In the late 1990s, the Weatherhead School of Management at Case Western Reserve in Cleveland, Ohio, commissioned architect Frank Gehry to design a five-storey building to be the focal point of the school’s campus. Late in the design process, the size of the floor plan needed to be reduced.

A Weatherhead faculty member flew to Mr Gehry’s studio in Santa Monica, California, to work out how best to trim the space with the team of architects. By the end of the third day, the plans were finished. But, as the meeting was about to adjourn, the project architect gathered the heavily marked plans and tore them into pieces. “We know we can do it,” he said. “Tomorrow, we can work on how we want to do it.”

The Weatherhead professor was initially dumbfounded but the experience sparked an idea. “We learnt that designers dealing with messy problems across all kinds of domains have developed attitudes, ideas and techniques that are well suited to conditions that often face managers and organisation leaders today,” says Fred Collopy, professor of information systems at the school.

In 2002, when the building opened, the school launched an initiative – “Manage by Designing” – that interlaces the disciplines of design throughout the curriculum and requires all students to take a year-long course in the subject. Today, Weatherhead is one of many business schools in the US and Europe trying to foster more creative thinking in MBA students by embracing some of the design industry’s teaching and working practices.

The extent to which schools have integrated design thinking into their programmes varies. A handful of schools, such as Weatherhead and Rotman School of Management at the University of Toronto, have integrated the disciplines of design seamlessly into their curriculums, while others, such as Insead and Esade, have formed partnerships with art schools to create study exchange programmes and inter­disciplinary research opportunities. Others, such as Stanford, have taken a different tack. In 2005, the school established the Hasso Plattner Institute of Design, which brings together about 350 students to work on innovative projects in the areas of law, business, education, medicine and engineering.

No matter what the approach, the schools have a similar ambition: to encourage students to embrace inter-disciplinary teamwork, to hone their abductive reasoning skills and give them an appreciation for creative problem-solving and the role empathy plays in business.

“There is something we [designers] contribute: a high tolerance for uncertainty, ways to grapple with visual representations and understanding problem-solving as an open-ended, playful process,” says Lucy Kimbell, a fellow in design leadership at Oxford’s Saïd Business School.

The increased emphasis on innovation comes as companies are starting to view design as a strategic business issue. More Fortune 500 companies are raising the prominence of their internal product development teams as well as outsourcing some of their design needs to other companies. Organisations are also turning to designers to improve their services, operations and supply chains.

At a time when opportunities in banking and finance have dried up, jobs in design and development are increasingly seen as a viable career path for newly minted MBAs.

Design is no longer considered the “softer side of business”, says Pete Maulik, chief operating officer at Fahrenheit 212, a design company based in New York that has seen an 80 per cent rise in the number of MBA applicants from 2006. “It’s fundamental and drives top-line growth.”

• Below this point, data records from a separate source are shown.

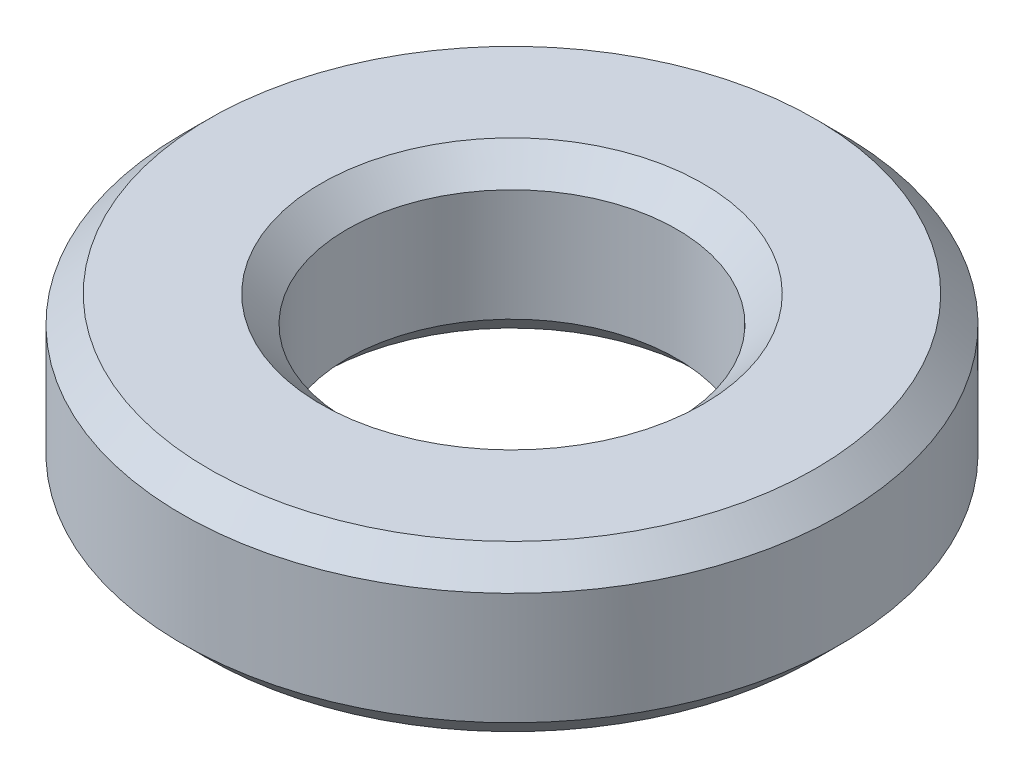
from build123d import *

# Parameters (mm, degrees)
SKETCH1_W     = 1.5875
SKETCH1_H     = 1.5875
CHAMFER1_SIZE = 0.254


with BuildPart() as part:
    # Sketch1 → Revolve1 (revolve)
    with BuildSketch(Plane.XY, mode=Mode.PRIVATE) as revolve1_sk:
        with Locations((2.38125, 0)):
            Rectangle(SKETCH1_W, SKETCH1_H)
    revolve(revolve1_sk.sketch.rotate(Axis((0, 1.644566993, 0), (0, -1, 0)), 180), axis=Axis((0, 1.644566993, 0), (0, -1, 0)))

    # Chamfer1
    chamfer1_edges = [part.edges().sort_by_distance(p)[0] for p in [
        (3.175, -0.79375, 0),
        (3.175, 0.79375, 0),
        (1.5875, 0.79375, 0),
        (1.5875, -0.79375, 0),
    ]]
    chamfer(chamfer1_edges, length=CHAMFER1_SIZE)


solid = part.part

Insead has had a partnership with the Art Center College of Design in Pasadena, California, since 2005. The collaboration involves an exchange of 10 students from the Art Center for the spring term of Insead’s MBA programme. Students take a course working in interdisciplinary teams to solve design-oriented problems.

The goal, says Manuel Sosa, professor of technology and operations management, is to give students a taste of the tension that exists between a company’s management and creative department. Prof Sosa aims to give his MBA students an awareness of the value that designers contribute to an organisation.

“Design is not just about making things look pretty,” he says. “It’s getting customers what they need.”

Cultivating students’ abductive reasoning skills – which often involve creative leaps of imagination and visualisation – is another design discipline that business schools are beginning to embrace. Most schools view it as a complement to the traditional business curriculums, which put a premium on analytic and quantitative techniques, says Roger Martin, the dean of Rotman. “We want our students to use observation and intuition to imagine what could be, not just analyse things that are,” he says.

Encouraging students to reframe questions and be more creative in their approach to problem-solving is another key attribute of the design process that schools are emulating. Often this involves using multiple models, says Prof Collopy.

“The standard way we teach managers is to play their cards close to their chest until they really understand something. But industrial designers use multiple models to try ideas out rapidly and cheaply; they use many more back-of-the-envelope sketches and they fool around with numbers a lot more.”

Some business schools are also striving to cultivate an empathetic view of the world among their students and equip these future managers with tools to better relate to their customers.

“Designers have a deep understanding of the customer,” says Prof Martin. “Their goal is to delight the customer by giving them something they didn’t even know they wanted.”

Prof Collopy adds: “Designers have empathy because they’re thinking about what will ultimately move their client. But managers often don’t have that. They think: ‘I don’t take a phenomenon seriously until it becomes statistically significant’.

“By complementing the analytic with these generative skills, we bring the whole human being to the problems we face,” he says.